▶ _About this task_
Set down every record below exactly as it stands, minus the pictures.

▶ _Records supplied_
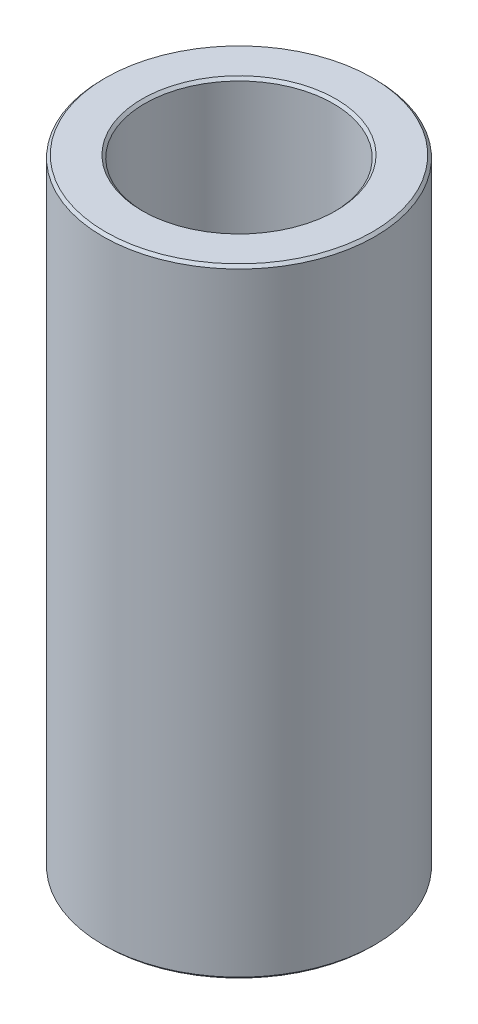
from build123d import *

# Parameters (mm, degrees)
SKETCH1_R           = 35
BOSS_EXTRUDE1_DEPTH = 159.038466395
SKETCH2_R           = 24.233919571
CUT_EXTRUDE1_DEPTH  = 167.563002475
CHAMFER1_SIZE       = 0.685858689


with BuildPart() as part:
    # Sketch1 → Boss-Extrude1 (new body)
    with BuildSketch(Plane(origin=(0, 0, 0), x_dir=(1, 0, 0), z_dir=(0, 1, 0))):
        Circle(SKETCH1_R)
    extrude(amount=BOSS_EXTRUDE1_DEPTH)

    # Sketch2 → Cut-Extrude1 (cut, through all)
    with BuildSketch(Plane(origin=(0, 0, 0), x_dir=(1, 0, 0), z_dir=(0, 1, 0))):
        Circle(SKETCH2_R)
    extrude(amount=CUT_EXTRUDE1_DEPTH, mode=Mode.SUBTRACT)

    # Chamfer1
    chamfer1_edges = [part.edges().sort_by_distance(p)[0] for p in [
        (-24.233919571, 159.038466395, 0),
        (-24.233919571, 0, 0),
        (-35, 0, 0),
        (-35, 159.038466395, 0),
    ]]
    chamfer(chamfer1_edges, length=CHAMFER1_SIZE)


solid = part.part
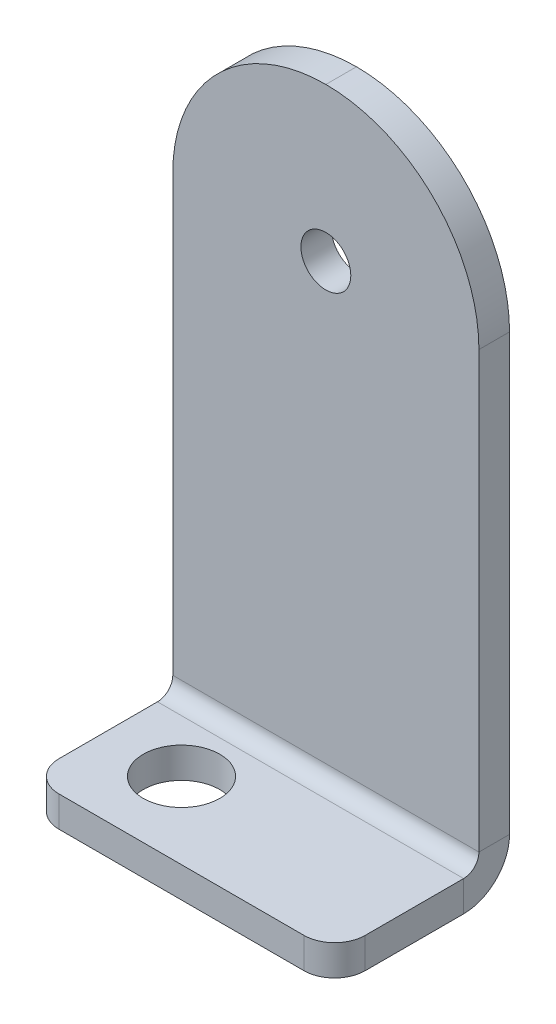
from build123d import *

# Parameters (mm, degrees)
SKETCH1_W                  = 25.4
SKETCH1_H                  = 63.5
SKETCH1_R                  = 2.0701
SKETCH1_R_2                = 3.175
BASE_FLANGE1_DEPTH         = 2.54
SKETCHED_START             = -25.4
SKETCHED_BEND1_DEPTH       = 25.4
SKETCHED_START_2           = -15.8749999
SKETCHED_BEND1_2_DEPTH     = 15.8749999
SKETCHED_BEND1_3_DEPTH     = 3.1749999
SKETCHED_START_3           = -22.2250001
SKETCHED_BEND1_4_DEPTH     = 6.3500002
SKETCHED_START_4           = 10.884911335
SKETCHED_BEND1_5_OUTLINE_R = 3.175
SKETCHED_BEND1_5_DEPTH     = 2.54
FILLET1_R                  = 12.7
FILLET2_R                  = 2.54


with BuildPart() as part:
    # Base-Flange1: sheet metal written as solids
    # Sketch1 → Base-Flange1 (new body)
    with BuildSketch(Plane.XY):
        with Locations((-12.7, 31.75)):
            Rectangle(SKETCH1_W, SKETCH1_H)
        with Locations((-12.7, 50.8)):
            Circle(SKETCH1_R, mode=Mode.SUBTRACT)
        with Locations((-19.05, 6.35)):
            Circle(SKETCH1_R_2, mode=Mode.SUBTRACT)
    extrude(amount=-BASE_FLANGE1_DEPTH)

    # Sketched Bend1: read off the stored shape, not the designer's step
    # Sketched Bend1 outline → Sketched Bend1 (cut)
    with BuildSketch(Plane.YZ.offset(SKETCHED_START)):
        with BuildLine():
            ThreePointArc((14.694911335, -2.54), (12.49520681, -1.840851973), (11.102808887, 0))
            Line((11.102808887, 0), (0, 0))
            Line((0, 0), (0, -2.54))
            Line((0, -2.54), (14.694911335, -2.54))
        make_face()
    extrude(amount=SKETCHED_BEND1_DEPTH, mode=Mode.SUBTRACT)

    # Sketched Bend1 2 outline → Sketched Bend1 2 (add)
    with BuildSketch(Plane.YZ.offset(SKETCHED_START_2)):
        with BuildLine():
            Line((10.884911335, 11.975088665), (10.884911335, 1.27))
            ThreePointArc((10.884911335, 1.27), (10.939780823, 0.625721461), (11.102808887, 0))
            Line((11.102808887, 0), (14.694911335, 0))
            ThreePointArc((14.694911335, 0), (13.796885723, 0.371974388), (13.424911335, 1.27))
            Line((13.424911335, 1.27), (13.424911335, 11.975088665))
            Line((13.424911335, 11.975088665), (10.884911335, 11.975088665))
        make_face()
    extrude(amount=SKETCHED_BEND1_2_DEPTH)

    # Sketched Bend1 3 outline → Sketched Bend1 3 (add)
    with BuildSketch(Plane.YZ.offset(SKETCHED_START)):
        with BuildLine():
            Line((10.884911335, 11.975088665), (10.884911335, 1.27))
            ThreePointArc((10.884911335, 1.27), (10.939780823, 0.625721461), (11.102808887, 0))
            Line((11.102808887, 0), (14.694911335, 0))
            ThreePointArc((14.694911335, 0), (13.796885723, 0.371974388), (13.424911335, 1.27))
            Line((13.424911335, 1.27), (13.424911335, 11.975088665))
            Line((13.424911335, 11.975088665), (10.884911335, 11.975088665))
        make_face()
    extrude(amount=SKETCHED_BEND1_3_DEPTH)

    # Sketched Bend1 4 outline → Sketched Bend1 4 (add)
    with BuildSketch(Plane.YZ.offset(SKETCHED_START_3)):
        with BuildLine():
            Line((10.884911335, 11.975088665), (10.884911335, 1.27))
            ThreePointArc((10.884911335, 1.27), (10.939780823, 0.625721461), (11.102808887, 0))
            Line((11.102808887, 0), (14.694911335, 0))
            ThreePointArc((14.694911335, 0), (13.796885723, 0.371974388), (13.424911335, 1.27))
            Line((13.424911335, 1.27), (13.424911335, 11.975088665))
            Line((13.424911335, 11.975088665), (10.884911335, 11.975088665))
        make_face()
    extrude(amount=SKETCHED_BEND1_4_DEPTH)

    # Sketched Bend1 5 outline → Sketched Bend1 5 (cut)
    with BuildSketch(Plane(origin=(0, 0, 0), x_dir=(1, 0, 0), z_dir=(0, 1, 0)).offset(SKETCHED_START_4)):
        with Locations((-19.05, -5.625088665)):
            Circle(SKETCHED_BEND1_5_OUTLINE_R)
    extrude(amount=SKETCHED_BEND1_5_DEPTH, mode=Mode.SUBTRACT)

    # Fillet1
    fillet1_edges = [part.edges().sort_by_distance(p)[0] for p in [
        (-25.4, 63.5, -1.27),
        (0, 63.5, -1.27),
    ]]
    fillet(fillet1_edges, radius=FILLET1_R - 0.0001)  # a hair under: the kernel refuses the full size

    # Fillet2
    fillet2_edges = [part.edges().sort_by_distance(p)[0] for p in [
        (0, 12.154911335, 11.975088665),
        (-25.4, 12.154911335, 11.975088665),
    ]]
    fillet(fillet2_edges, radius=FILLET2_R)


solid = part.part

▶ _Solution to the exercise_
from build123d import *

# Parameters (mm, degrees)
SKETCH1_R           = 35
BOSS_EXTRUDE1_DEPTH = 159.038466395
SKETCH2_R           = 24.233919571
CUT_EXTRUDE1_DEPTH  = 167.563002475
CHAMFER1_SIZE       = 0.685858689


with BuildPart() as part:
    # Sketch1 → Boss-Extrude1 (new body)
    with BuildSketch(Plane(origin=(0, 0, 0), x_dir=(1, 0, 0), z_dir=(0, 1, 0))):
        Circle(SKETCH1_R)
    extrude(amount=BOSS_EXTRUDE1_DEPTH)

    # Sketch2 → Cut-Extrude1 (cut, through all)
    with BuildSketch(Plane(origin=(0, 0, 0), x_dir=(1, 0, 0), z_dir=(0, 1, 0))):
        Circle(SKETCH2_R)
    extrude(amount=CUT_EXTRUDE1_DEPTH, mode=Mode.SUBTRACT)

    # Chamfer1
    chamfer1_edges = [part.edges().sort_by_distance(p)[0] for p in [
        (-24.233919571, 159.038466395, 0),
        (-24.233919571, 0, 0),
        (-35, 0, 0),
        (-35, 159.038466395, 0),
    ]]
    chamfer(chamfer1_edges, length=CHAMFER1_SIZE)


solid = part.part
from build123d import *

# Parameters (mm, degrees)
SKETCH1_W                  = 25.4
SKETCH1_H                  = 63.5
SKETCH1_R                  = 2.0701
SKETCH1_R_2                = 3.175
BASE_FLANGE1_DEPTH         = 2.54
SKETCHED_START             = -25.4
SKETCHED_BEND1_DEPTH       = 25.4
SKETCHED_START_2           = -15.8749999
SKETCHED_BEND1_2_DEPTH     = 15.8749999
SKETCHED_BEND1_3_DEPTH     = 3.1749999
SKETCHED_START_3           = -22.2250001
SKETCHED_BEND1_4_DEPTH     = 6.3500002
SKETCHED_START_4           = 10.884911335
SKETCHED_BEND1_5_OUTLINE_R = 3.175
SKETCHED_BEND1_5_DEPTH     = 2.54
FILLET1_R                  = 12.7
FILLET2_R                  = 2.54


with BuildPart() as part:
    # Base-Flange1: sheet metal written as solids
    # Sketch1 → Base-Flange1 (new body)
    with BuildSketch(Plane.XY):
        with Locations((-12.7, 31.75)):
            Rectangle(SKETCH1_W, SKETCH1_H)
        with Locations((-12.7, 50.8)):
            Circle(SKETCH1_R, mode=Mode.SUBTRACT)
        with Locations((-19.05, 6.35)):
            Circle(SKETCH1_R_2, mode=Mode.SUBTRACT)
    extrude(amount=-BASE_FLANGE1_DEPTH)

    # Sketched Bend1: read off the stored shape, not the designer's step
    # Sketched Bend1 outline → Sketched Bend1 (cut)
    with BuildSketch(Plane.YZ.offset(SKETCHED_START)):
        with BuildLine():
            ThreePointArc((14.694911335, -2.54), (12.49520681, -1.840851973), (11.102808887, 0))
            Line((11.102808887, 0), (0, 0))
            Line((0, 0), (0, -2.54))
            Line((0, -2.54), (14.694911335, -2.54))
        make_face()
    extrude(amount=SKETCHED_BEND1_DEPTH, mode=Mode.SUBTRACT)

    # Sketched Bend1 2 outline → Sketched Bend1 2 (add)
    with BuildSketch(Plane.YZ.offset(SKETCHED_START_2)):
        with BuildLine():
            Line((10.884911335, 11.975088665), (10.884911335, 1.27))
            ThreePointArc((10.884911335, 1.27), (10.939780823, 0.625721461), (11.102808887, 0))
            Line((11.102808887, 0), (14.694911335, 0))
            ThreePointArc((14.694911335, 0), (13.796885723, 0.371974388), (13.424911335, 1.27))
            Line((13.424911335, 1.27), (13.424911335, 11.975088665))
            Line((13.424911335, 11.975088665), (10.884911335, 11.975088665))
        make_face()
    extrude(amount=SKETCHED_BEND1_2_DEPTH)

    # Sketched Bend1 3 outline → Sketched Bend1 3 (add)
    with BuildSketch(Plane.YZ.offset(SKETCHED_START)):
        with BuildLine():
            Line((10.884911335, 11.975088665), (10.884911335, 1.27))
            ThreePointArc((10.884911335, 1.27), (10.939780823, 0.625721461), (11.102808887, 0))
            Line((11.102808887, 0), (14.694911335, 0))
            ThreePointArc((14.694911335, 0), (13.796885723, 0.371974388), (13.424911335, 1.27))
            Line((13.424911335, 1.27), (13.424911335, 11.975088665))
            Line((13.424911335, 11.975088665), (10.884911335, 11.975088665))
        make_face()
    extrude(amount=SKETCHED_BEND1_3_DEPTH)

    # Sketched Bend1 4 outline → Sketched Bend1 4 (add)
    with BuildSketch(Plane.YZ.offset(SKETCHED_START_3)):
        with BuildLine():
            Line((10.884911335, 11.975088665), (10.884911335, 1.27))
            ThreePointArc((10.884911335, 1.27), (10.939780823, 0.625721461), (11.102808887, 0))
            Line((11.102808887, 0), (14.694911335, 0))
            ThreePointArc((14.694911335, 0), (13.796885723, 0.371974388), (13.424911335, 1.27))
            Line((13.424911335, 1.27), (13.424911335, 11.975088665))
            Line((13.424911335, 11.975088665), (10.884911335, 11.975088665))
        make_face()
    extrude(amount=SKETCHED_BEND1_4_DEPTH)

    # Sketched Bend1 5 outline → Sketched Bend1 5 (cut)
    with BuildSketch(Plane(origin=(0, 0, 0), x_dir=(1, 0, 0), z_dir=(0, 1, 0)).offset(SKETCHED_START_4)):
        with Locations((-19.05, -5.625088665)):
            Circle(SKETCHED_BEND1_5_OUTLINE_R)
    extrude(amount=SKETCHED_BEND1_5_DEPTH, mode=Mode.SUBTRACT)

    # Fillet1
    fillet1_edges = [part.edges().sort_by_distance(p)[0] for p in [
        (-25.4, 63.5, -1.27),
        (0, 63.5, -1.27),
    ]]
    fillet(fillet1_edges, radius=FILLET1_R - 0.0001)  # a hair under: the kernel refuses the full size

    # Fillet2
    fillet2_edges = [part.edges().sort_by_distance(p)[0] for p in [
        (0, 12.154911335, 11.975088665),
        (-25.4, 12.154911335, 11.975088665),
    ]]
    fillet(fillet2_edges, radius=FILLET2_R)


solid = part.part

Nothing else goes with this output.